Compare communist Cuba with communist China, which has been declared our “favorite trading partner” and despite the Castros’ authoritarianism, there has never been a “Tiananmen Square-like” massacre in Havana. The Cuban government has not invaded and destroyed another country like the Chinese have done in Tibet. Nor does Cuba continue to curtail and persecute a religious sect, as China continues to do with the Falun Gong.
When our economic interests are at stake, we conveniently look the other way. We are willing to continue the embargo against Cuba while, at the same time, we welcome China as a trading partner. We restore diplomatic relations and resume trade with communist Vietnam, a country we had a long and painful war against.
Another country on our list of enemies was Iran; however, though our relations with Iran have been and are still very strained, the U.S. government dropped the longtime ban on the import of luxury items from that country.
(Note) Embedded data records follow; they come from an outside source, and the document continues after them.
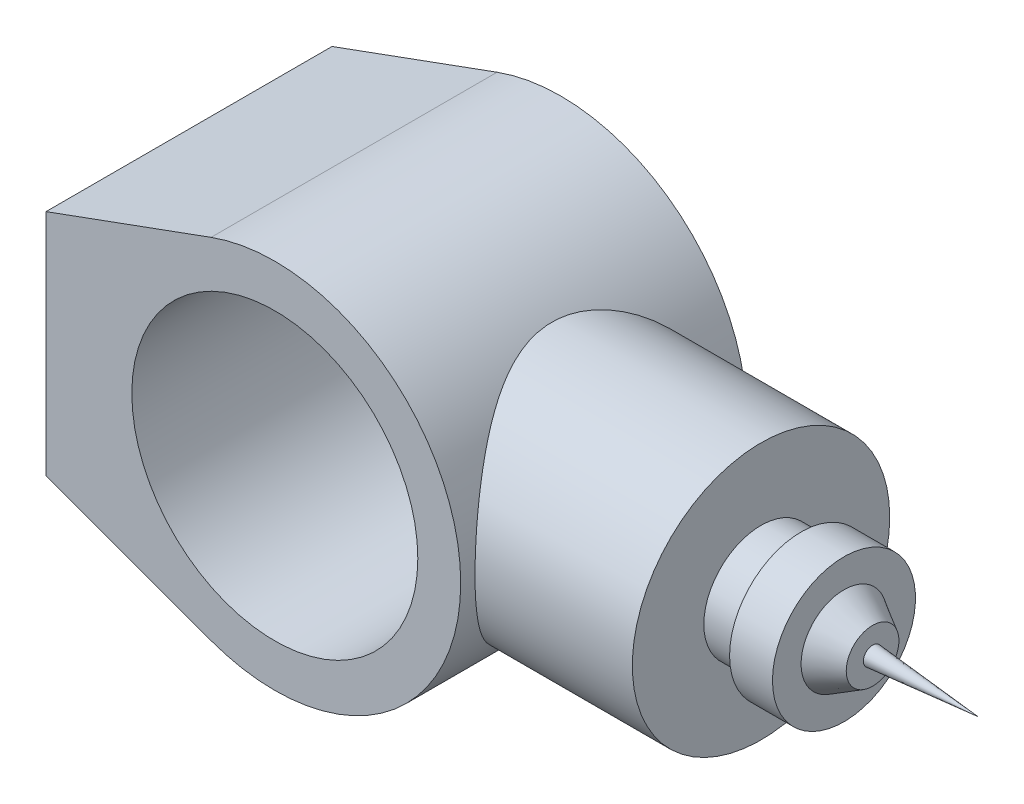
SolidWorks part; units mm, degrees
ref_plane "Alzado" through (0, 0, 0) normal (0, 0, 1) x (1, 0, 0)
ref_plane "Planta" through (0, 0, 0) normal (0, 1, 0) x (1, 0, 0)
ref_plane "Vista lateral" through (0, 0, 0) normal (1, 0, 0) x (0, 0, -1)
sketch "Croquis1" plane through (0, 0, 0) normal (0, 0, 1) x (1, 0, 0)
  line L0 (-80, -40) -> (-80, 40)
  line L1 (-80, -40) -> (-22.2817, -61.0617)
  line L2 (-80, 40) -> (-22.2817, 61.0617)
  arc A0 (-22.2817, -61.0617) -> (-22.2817, 61.0617) centre (0, 0) ccw
  circle A1 centre (0, 0) radius 50
  point P7 (-80, 0)
  dimension "D1" = 130
  dimension "D2" = 100
  dimension "D3" = 80
  dimension "D4" = 80
extrude "Saliente-Extruir1" add sketch "Croquis1" along normal mid plane 100
ref_plane "Plano1" through (120, 0, 0) normal (1, 0, 0) x (0, 0, -1)
sketch "Croquis2" plane through (120, 0, 0) normal (1, 0, 0) x (0, 0, -1)
  circle A0 centre (0, 0) radius 45
  dimension "D1" = 90
extrude "Saliente-Extruir2" add sketch "Croquis2" against normal up to next
sketch "Croquis3" plane through (0, 0, 0) normal (0, 0, 1) x (1, 0, 0)
  line L0 (0, 0) -> (267.2394, 0) construction
  line L1 (120, 0) -> (120, -20)
  line L2 (120, -45) -> (120, 45) construction
  line L3 (120, -20) -> (134, -20)
  line L4 (134, -20) -> (134, -25)
  line L5 (134, -25) -> (149, -25)
  line L6 (149, -25) -> (149, -15)
  line L7 (149, -15) -> (159, -9.2153)
  line L8 (159, -9.2153) -> (159, -3.2153)
  line L9 (120, 0) -> (195.86, 0)
  line L10 (159, -3.2153) -> (195.86, 0)
  dimension "D1" = 20
  dimension "D2" = 14
  dimension "D3" = 5
  dimension "D4" = 15
  dimension "D5" = 10
  dimension "D6" = 10
  dimension "D7" = 37
  dimension "D8" = 6
revolve "Revolución1" add sketch "Croquis3" angle 360 about L0
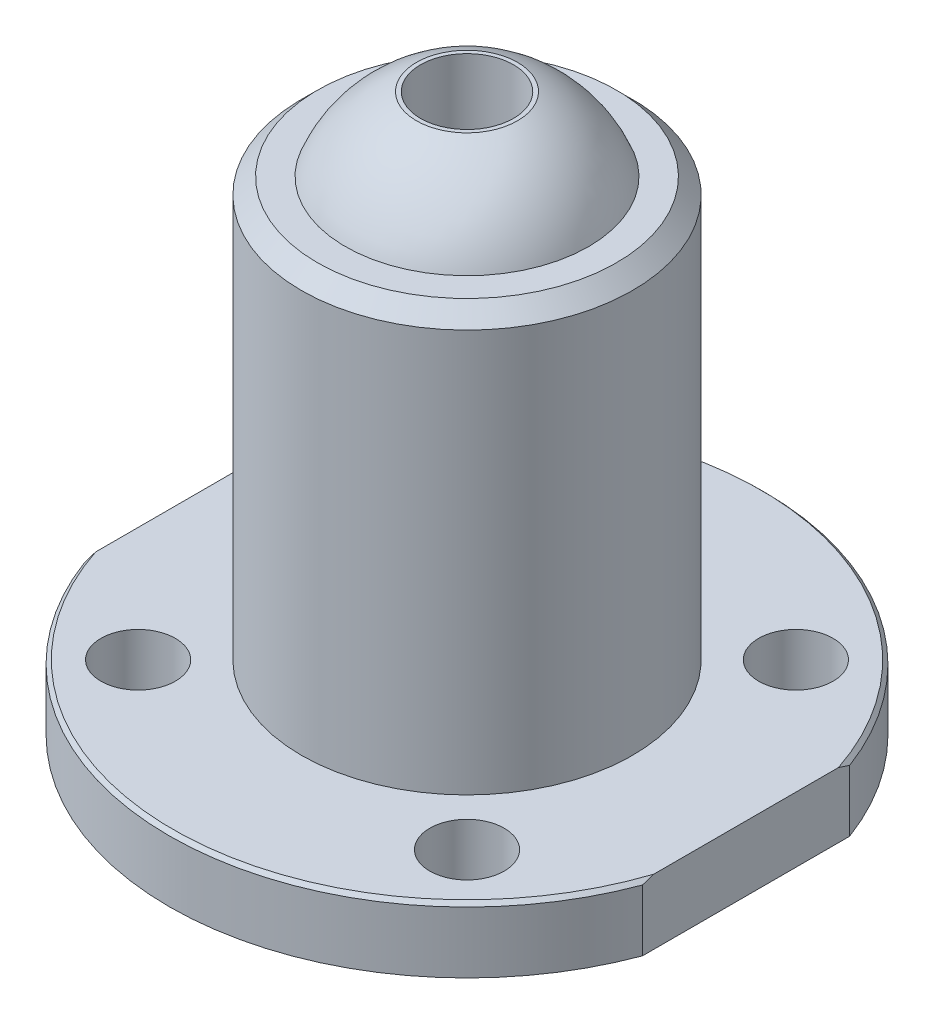
SolidWorks part; units mm, degrees
material "201 退火不锈钢 (SS)"
ref_plane "前视基准面" through (0, 0, 0) normal (0, 0, 1) x (1, 0, 0)
ref_plane "上视基准面" through (0, 0, 0) normal (0, 1, 0) x (1, 0, 0)
ref_plane "右视基准面" through (0, 0, 0) normal (1, 0, 0) x (0, 0, -1)
other "Configuration Table"
sketch "草图1" plane through (0, 0, 0) normal (0, 0, 1) x (1, 0, 0)
  line L0 (0, 33.5828) -> (0, -10.2614) construction
  line L1 (0, 0) -> (16, 0)
  line L2 (16, 0) -> (16, 3.5)
  line L3 (16, 3.5) -> (8.9, 3.5)
  line L4 (8.9, 3.5) -> (8.9, 25.1383)
  line L5 (8.9, 25.1383) -> (8.0383, 26)
  line L6 (8.0383, 26) -> (6.5383, 26)
  line L7 (0, 29.95) -> (2.7198, 29.95)
  line L8 (0, 0) -> (0, 29.95)
  arc A1 (6.5383, 26) -> (2.7198, 29.95) centre (0, 23.5) ccw
  point P13 (0, 33.5828)
  dimension "D1" = 8.9
  dimension "D4" = 14
  dimension "D2" = 16
  dimension "D3" = 23.5
  dimension "D5" = 3.5
  dimension "D6" = 26
  dimension "D7" = 135
  dimension "D8" = 1.5
  dimension "D9" = 29.95
revolve "旋转1" add sketch "草图1" angle 360 about L0
sketch "草图2" plane through (0, 29.95, 0) normal (0, 1, 0) x (1, 0, 0)
  circle A0 centre (0, 0) radius 2.5
  dimension "D1" = 5
extrude "切除-拉伸1" cut sketch "草图2" against normal blind 5
cosmetic thread "装饰螺纹线1" parameters "D2"=6
sketch "草图3" plane through (0, 3.5, 0) normal (0, 1, 0) x (1, 0, 0)
  line L0 (8.8388, 8.8388) -> (0, 0) construction
  line L1 (0, 0) -> (1.7272, 0) construction
  line L2 (-15, 5.5678) -> (-15, -5.5678)
  line L3 (0, -16.4725) -> (0, 16.4725) construction
  line L4 (15, 5.5678) -> (15, -5.5678)
  circle A0 centre (0, 0) radius 12.5 construction
  circle A1 centre (8.8388, 8.8388) radius 2
  circle A2 centre (8.8388, -8.8388) radius 2
  circle A3 centre (-8.8388, -8.8388) radius 2
  circle A4 centre (-8.8388, 8.8388) radius 2
  circle A5 centre (0, 0) radius 16 construction
  arc A6 (-15, 5.5678) -> (-15, -5.5678) centre (0, 0) ccw
  arc A7 (15, -5.5678) -> (15, 5.5678) centre (0, 0) ccw
  point P15 (0, 0)
  dimension "D1" = 25
  dimension "D3" = 4
  dimension "D2" = 45
  dimension "D5" = 15
  dimension "D4" = 4
extrude "切除-拉伸2" cut sketch "草图3" against normal blind 5
cosmetic thread "装饰螺纹线2" parameters "D2"=5
cosmetic thread "装饰螺纹线3" parameters "D2"=5
cosmetic thread "装饰螺纹线4" parameters "D2"=5
cosmetic thread "装饰螺纹线5" parameters "D2"=5
chamfer "倒角1" distance 0.2 angle 45 2 edges at (0, 3.5, 16) (0, 3.5, -16)
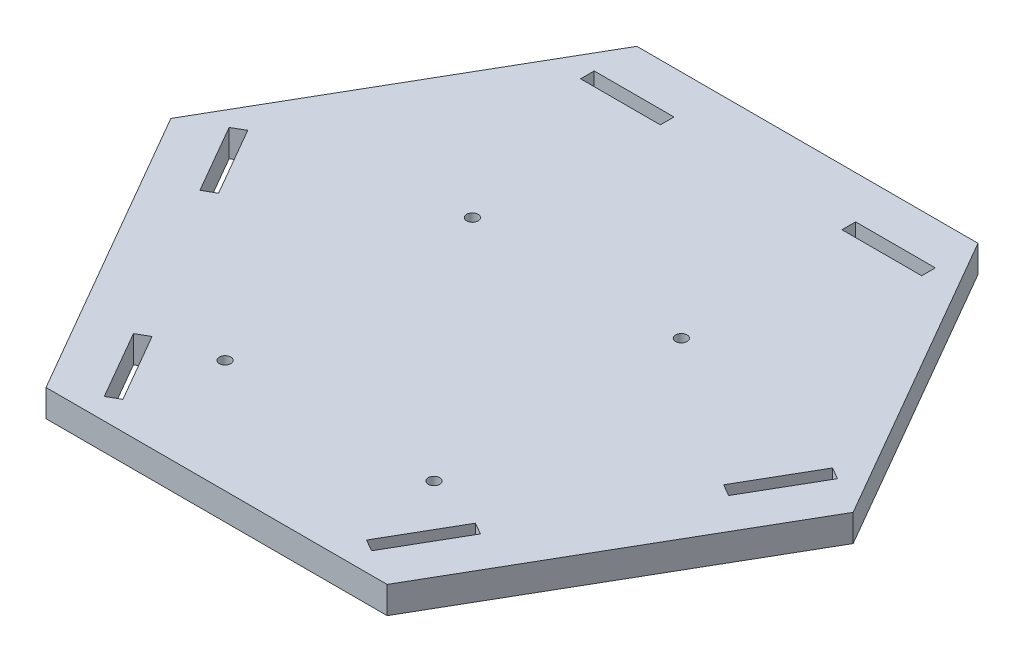
SolidWorks part; units mm, degrees
ref_plane "Front Plane" through (0, 0, 0) normal (0, 0, 1) x (1, 0, 0)
ref_plane "Top Plane" through (0, 0, 0) normal (0, 1, 0) x (1, 0, 0)
ref_plane "Right Plane" through (0, 0, 0) normal (1, 0, 0) x (0, 0, -1)
sketch "Sketch1" plane through (0, 0, 0) normal (0, 1, 0) x (1, 0, 0)
  line L0 (40, -69.282) -> (80, 0)
  line L1 (80, 0) -> (40, 69.282)
  line L2 (-40, 69.282) -> (-80, 0)
  line L3 (-40, -69.282) -> (40, -69.282)
  line L4 (-80, 0) -> (-40, -69.282)
  line L5 (-40, 69.282) -> (40, 69.282)
  line L6 (0, 69.282) -> (0, -69.282) construction
  line L7 (60, -34.641) -> (-60, 34.641) construction
  line L8 (-80, 0) -> (-58.4498, 12.442) construction
  line L9 (-60, -34.641) -> (0, 0) construction
  line L10 (-70.65, -16.1947) -> (-49.0998, -3.7526) construction
  line L11 (-68.5685, 6.6) -> (-59.2185, -9.5947)
  line L12 (-59.2185, -9.5947) -> (-61.9897, -11.1947)
  line L13 (-61.9897, -11.1947) -> (-71.3397, 5)
  line L14 (-71.3397, 5) -> (-68.5685, 6.6)
  line L16 (-31.3397, -64.282) -> (-28.5685, -62.682)
  line L17 (-40.6897, -48.0874) -> (-31.3397, -64.282)
  line L18 (-37.9185, -46.4874) -> (-40.6897, -48.0874)
  line L19 (-28.5685, -62.682) -> (-37.9185, -46.4874)
  line L20 (28.5685, -62.682) -> (37.9185, -46.4874)
  line L21 (37.9185, -46.4874) -> (40.6897, -48.0874)
  line L22 (40.6897, -48.0874) -> (31.3397, -64.282)
  line L23 (31.3397, -64.282) -> (28.5685, -62.682)
  line L24 (71.3397, 5) -> (68.5685, 6.6)
  line L25 (61.9897, -11.1947) -> (71.3397, 5)
  line L26 (59.2185, -9.5947) -> (61.9897, -11.1947)
  line L27 (68.5685, 6.6) -> (59.2185, -9.5947)
  line L28 (40, 56.082) -> (21.3, 56.082)
  line L29 (21.3, 56.082) -> (21.3, 59.282)
  line L30 (21.3, 59.282) -> (40, 59.282)
  line L31 (40, 59.282) -> (40, 56.082)
  line L32 (-40, 59.282) -> (-40, 56.082)
  line L33 (-21.3, 59.282) -> (-40, 59.282)
  line L34 (-21.3, 56.082) -> (-21.3, 59.282)
  line L35 (-40, 56.082) -> (-21.3, 56.082)
  circle A0 centre (0, 0) radius 69.282 construction
  point P13 (-75.325, -8.0973)
  point P35 (75.325, -8.0973)
  dimension "D1" = 80
  dimension "D2" = 80
  dimension "D3" = 9.35
  dimension "D4" = 18.7
  dimension "D5" = 9.35
  dimension "D6" = 3.2
  dimension "D7" = 10
extrude "Boss-Extrude1" add sketch "Sketch1" along normal blind 6.35
sketch "Sketch2" plane through (0, 6.35, 0) normal (0, 1, 0) x (1, 0, 0)
  line L1 (-24.5, -42.782) -> (24.5, -42.782) construction
  line L2 (-24.5, -42.782) -> (-24.5, 15.218) construction
  line L3 (-24.5, 15.218) -> (24.5, 15.218) construction
  line L4 (24.5, -42.782) -> (24.5, 15.218) construction
  line L5 (-24.5, -42.782) -> (24.5, 15.218) construction
  line L6 (-24.5, 15.218) -> (24.5, -42.782) construction
  line L7 (-40, -69.282) -> (40, -69.282) construction
  circle A0 centre (-24.5, -42.782) radius 1.35
  circle A1 centre (24.5, -42.782) radius 1.35
  circle A2 centre (24.5, 15.218) radius 1.35
  circle A3 centre (-24.5, 15.218) radius 1.35
  point P0 (0, -13.782)
  point P9 (0, 15.218)
  dimension "D2" = 2.7
  dimension "D1" = 58
  dimension "D3" = 49
  dimension "D4" = 26.5
  dimension "D5" = 0
extrude "Cut-Extrude1" cut sketch "Sketch2" against normal up to surface (6.35 mm away) up to face at (30.65, 0, -57.682)
equation "\"D5@Sketch1\"=\"D4@Sketch1\"/2"
equation "\"D3@Sketch1\"=\"D5@Sketch1\""

How did we survive all those years without Iranian caviar, pistachios and carpets?
For years, magazines like Hispanic Business, Cigar Aficionado and many others, have dedicated special issues to Cuba and the need to end the embargo. In an article about Cuba published in 1994, Pierre Salinger, former press secretary to President Kennedy, wrote that late in his administration Kennedy was exploring the possibility of normalizing relations with Cuba. As Salinger writes, “Embargoes and sanctions beef up the leaders and ruin the populations.”
The Castros are still in power. Cruz and Rubio, the Republican wannabe-presidents with ties to Cuba and many other Republicans in Congress continue to oppose lifting the embargo. I hope that Obama’s sign of friendship and reconciliation towards Cuba will be the first step to end this relentless aggression against the Cuban people. Watching the news about the Cubans protesting in Miami against Obama’s visit, it was clear that by now only a handful continue to control our foreign policy with regards to Cuba. Perhaps now Congress will realize that the economic and political power exerted by the Cuban exiles in Miami no longer exists and our “representatives” will no longer be afraid to lose their vote if they end the embargo.